Er weiß aber auch, dass für viele Türken der Beitritt eine große Hoffnung darstellt. Deshalb vermutlich kündigt er die Verhandlungen nicht selber auf. Wenn die EU dies nun macht, reagiert sie einerseits in vermutlich angemessener Schärfe, andererseits übernimmt sie die Rolle des Sündenbocks. Allen Türken, die das Land gerne als EU-Mitglied sähen, kann die Regierung in Ankara dann signalisieren, dass es die EU war, die die Türkei ausschließen will. Politisch ist es deshalb klüger, die Beitrittsgespräche zwar einzufrieren oder auszusetzen, dies aber mit dem expliziten Hinweis, dass die Türkei natürlich willkommen ist, wenn sie die gemeinsamen Werte teilt.

Ähnlich ist es mit Wirtschaftssanktionen. Auch hier leidet in erster Linie die Bevölkerung. Es trifft nicht die Mitglieder der Regierung. Dies ist nur der Fall, wenn persönliche Vermögen der Familie Erdogan oder anderer Regierungsmitglieder in der EU eingefroren werden, das sollte man als erstes tun.

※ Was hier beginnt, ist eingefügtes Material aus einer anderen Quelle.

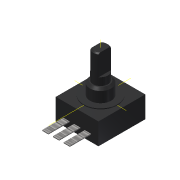
# Autodesk Inventor part: empty
Saved by Autodesk Inventor 2014 (Build 180170000, 170)
## iProperties
Created: 2015-04-13
Part Number: empty
Material: Generic
Document SubType Name: Modeling
Designer: Martin
Density: 1 g/cm^3
Appearance: Default
Author: Martin
Autodesk Inventor part; units mm, degrees
ref_plane "YZ Plane" through (0, 0, 0) normal (1, 0, 0) x (0, 1, 0)
ref_plane "XZ Plane" through (0, 0, 0) normal (0, 1, 0) x (-1, 0, 0)
ref_plane "XY Plane" through (0, 0, 0) normal (0, 0, 1) x (1, 0, 0)
sketch "Sketch1" plane through (0, 0, 0) normal (0, 0, 1) x (1, 0, 0)
  line L0 (-5.05, -5.55) -> (5.05, -5.55)
  line L1 (5.05, -5.55) -> (5.05, 5.55)
  line L2 (5.05, 5.55) -> (-5.05, 5.55)
  line L3 (-5.05, 5.55) -> (-5.05, -5.55)
  line L4 (-5.05, -5.55) -> (5.05, 5.55) construction
  line L5 (5.05, -5.55) -> (-5.05, 5.55) construction
  point P0 (0, 0)
  dimension "d0" = 10.1
  dimension "d1" = 11.1
  constraints: 12 end point, 2 midpoint, 2 parallel, 1 horizontal, 1 perpendicular
  measures "d0" distance of L1.end L2.end
  measures "d1" distance of L0.end L1.end
extrude "Extrusion1" add sketch "Sketch1" against normal blind 5.1
sketch "Sketch2" plane through (0, 0, 0) normal (1, 0, 0) x (0, 1, 0)
  line L0 (-7.77, 0) -> (7.77, 0) projected
  line L1 (0, -6.12) -> (0, 1.02) projected
  line L2 (0, 0) -> (0, 22.7179)
  line L3 (0, 0) -> (4, 0)
  line L4 (4, 0) -> (4, 0.2)
  line L5 (4, 0.2) -> (2.5, 0.2)
  line L6 (2.5, 0.2) -> (2.5, 3.2)
  line L7 (2.5, 3.2) -> (1.75, 3.2)
  line L8 (1.75, 3.2) -> (1.75, 9.9)
  line L9 (1.75, 9.9) -> (0, 9.9)
  line L10 (0, 9.9) -> (0, 0)
  line L11 (5.55, -5.1) -> (-5.55, -5.1) projected
  dimension "d4" = 8
  dimension "d5" = 5
  dimension "d6" = 3.5
  dimension "d7" = 5.3
  dimension "d8" = 8.3
  dimension "d9" = 15
  constraints: 18 end point, 3 parallel, 3 perpendicular, 3 point on line, 1 collinear
  measures "d4" diameter of L4 L2
  measures "d5" diameter of L6 L2
  measures "d6" diameter of L8 L2
  measures "d7" distance between parallel lines of L11 L5
  measures "d8" distance between parallel lines of L11 L7
  measures "d9" distance between parallel lines of L11 L9
revolve "Revolution1" add sketch "Sketch2" angle 360 about axis through (0, 0, 0) along (0, 0, 1)
chamfer "Chamfer1" distance 0.5 angle 45 1 edges at (0, -2.5, 3.2)
sketch "Sketch3" plane through (0, 0, 9.9) normal (0, 0, 1) x (1, 0, 0)
  circle A0 centre (0, 0) radius 1.75 projected
  line L0 (0, -7.77) -> (0, 7.77) projected
  line L1 (-1, 1.4361) -> (-1, -1.4361)
  line L2 (1, 1.4361) -> (1, -1.4361)
  dimension "d14" = 2
  constraints: 4 end point, 4 point on circle, 1 parallel, 1 other
  measures "d14" distance between parallel lines of L2 L1
extrude "Extrusion2" cut sketch "Sketch3" against normal blind 4.9 contours A0 L2 | L1 A0
chamfer "Chamfer2" distance 0.25 angle 45 3 edges at (0, -1.75, 9.9) (-0.524, 1.6697, 9.9) (0.524, 1.6697, 9.9)
sketch "Sketch4" plane through (0, 0, 0) normal (1, 0, 0) x (0, 1, 0)
  line L0 (-5.55, 0) -> (-5.55, -5.1) projected
  line L1 (-5.55, -3.6) -> (-10.55, -3.6)
  line L2 (-10.55, -3.4) -> (-5.55, -3.4)
  line L3 (-5.55, -3.4) -> (-5.55, -3.6)
  line L4 (5.55, -5.1) -> (-5.55, -5.1) projected
  line L5 (-10.55, -3.4) -> (-10.55, -3.6)
  point P0 (0, 0)
  dimension "d22" = 1.5
  dimension "d29" = 0.2
  dimension "d30" = 5
  constraints: 8 end point, 3 perpendicular, 2 point on line, 1 collinear
  measures "d22" distance between parallel lines of L4 L1
  measures "d29" distance between parallel lines of L1 L2
  measures "d30" distance of L2.start L2.end
extrude "Extrusion3" add sketch "Sketch4" along normal mid plane 1.48
pattern_linear "Rectangular Pattern1" count 3 spacing 2.54 along (1, 0, 0) of "Extrusion3" first direction both ways yes
body "Solid1"
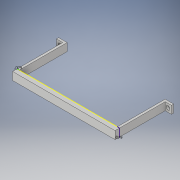
# Autodesk Inventor part: Part1
Saved by Autodesk Inventor 2019 (Build 230136000, 136)
## iProperties
Created: 2020-11-04
Part Number: Part1
Material: Generic
Document SubType Name: Modeling
Designer: johnh
Density: 1 g/cm^3
Appearance: Default
Author: johnh
Autodesk Inventor part; units mm, degrees
ref_plane "YZ Plane" through (0, 0, 0) normal (1, 0, 0) x (0, 1, 0)
ref_plane "XZ Plane" through (0, 0, 0) normal (0, 1, 0) x (-1, 0, 0)
ref_plane "XY Plane" through (0, 0, 0) normal (0, 0, 1) x (1, 0, 0)
sketch "Sketch1" plane through (0, 0, 0) normal (0, 0, 1) x (1, 0, 0)
  line L0 (0, 0) -> (88, 0)
  line L1 (88, 0) -> (88, 7)
  line L2 (88, 7) -> (0, 7)
  line L3 (0, 7) -> (0, 0)
  dimension "d0" = 88
  dimension "d1" = 7
  constraints: 8 end point, 2 parallel, 1 horizontal, 1 perpendicular
  measures "d0" distance of L2.end L1.end
  measures "d1" distance of L2.end L0.start
extrude "Extrusion1" add sketch "Sketch1" along normal blind 4
sketch "Sketch2" plane through (0, 0, 0) normal (0, 0, -1) x (-1, 0, 0)
  line L0 (0, 0) -> (-88, 0) projected
  line L1 (0, 7) -> (0, 0) projected
  line L2 (-88, 7) -> (0, 7) projected
  line L3 (-88, 0) -> (-88, 7) projected
  line L4 (0, 0) -> (2, 0)
  line L5 (2, 0) -> (2, 7)
  line L6 (2, 7) -> (0, 7)
  line L7 (0, 7) -> (0, 0)
  line L8 (-88, 7) -> (-90, 7)
  line L9 (-90, 7) -> (-90, 0)
  line L10 (-90, 0) -> (-88, 0)
  line L11 (-88, 0) -> (-88, 7)
  dimension "d4" = 2
  dimension "d5" = 2
  constraints: 16 end point, 4 parallel, 2 horizontal, 2 perpendicular, 1 point on line
  measures "d4" distance of L6.end L5.end
  measures "d5" distance of L10.end L9.end
extrude "Extrusion2" add sketch "Sketch2" along normal blind 41 contours L1 L6 L5 L4 | L10 L9 L8 L3
extrude "Extrusion3" add sketch "Sketch2" against normal blind 4 contours L1 L6 L5 L4 | L10 L9 L8 L3
sketch "Sketch3" plane through (0, 0, -41) normal (0, 0, -1) x (-1, 0, 0)
  line L0 (-88, 7) -> (-90, 7) projected
  line L1 (-90, 7) -> (-90, 0) projected
  line L2 (-90, 0) -> (-88, 0) projected
  line L3 (-88, 0) -> (-88, 7) projected
  line L4 (2, 0) -> (2, 7) projected
  line L5 (0, 0) -> (2, 0) projected
  line L6 (2, 0) -> (2, 7) projected
  line L7 (2, 7) -> (0, 7) projected
  line L8 (0, 7) -> (0, 0) projected
  line L9 (-88, 0) -> (-95.62, 0)
  line L10 (-95.62, 0) -> (-95.62, 7)
  line L11 (-95.62, 7) -> (-88, 7)
  line L12 (-88, 7) -> (-88, 0)
  circle A0 centre (-92.5085, 3.5) radius 1.75
  line L13 (0, 7) -> (7.62, 7)
  line L14 (7.62, 7) -> (7.62, 0)
  line L15 (7.62, 0) -> (0, 0)
  line L16 (0, 0) -> (0, 7)
  circle A1 centre (4.5085, 3.5) radius 1.75
  dimension "d10" = 3.5
  dimension "d12" = 3.5
  dimension "d17" = 7.62
  dimension "d18" = 7.62
  dimension "d21" = 97.017
  constraints: 16 end point, 4 parallel, 2 centre point, 2 horizontal, 2 perpendicular
  measures "d10" diameter of A0
  measures "d12" diameter of A1
  measures "d17" distance of L2.end L9.end
  measures "d18" distance of L14.end L15.end
  measures "d21" distance of A1.centre A0.centre
extrude "Extrusion4" add sketch "Sketch3" along normal blind 2
body "Solid1"

Andere Sanktionen, wenn sie denn die Bevölkerung treffen, geben der Regierung wiederum die Möglichkeit, einen Schuldigen für die wirtschaftlichen Schwierigkeiten und einen Grund für die aggressive Rhetorik zu finden. Regelmäßig sieht man diesen Effekt: Das eigentliche Ziel der Sanktionen – die Regierung – dreht den Spieß um und versammelt die Bevölkerung um ihre Fahne. Dies ist genau das Gegenteil der erwünschten Wirkungen der Sanktionen. Möglicherweise ergibt sich sogar Hilfe von dritter Seite. Regierungen, die dem Sanktionsgeber, also der EU, schaden wollten, könnten der Türkei helfen. Einen Kandidaten dafür kennt die EU. Die Wirkung der Sanktionen wäre weiter geschwächt, die Position der türkischen Führung gestärkt.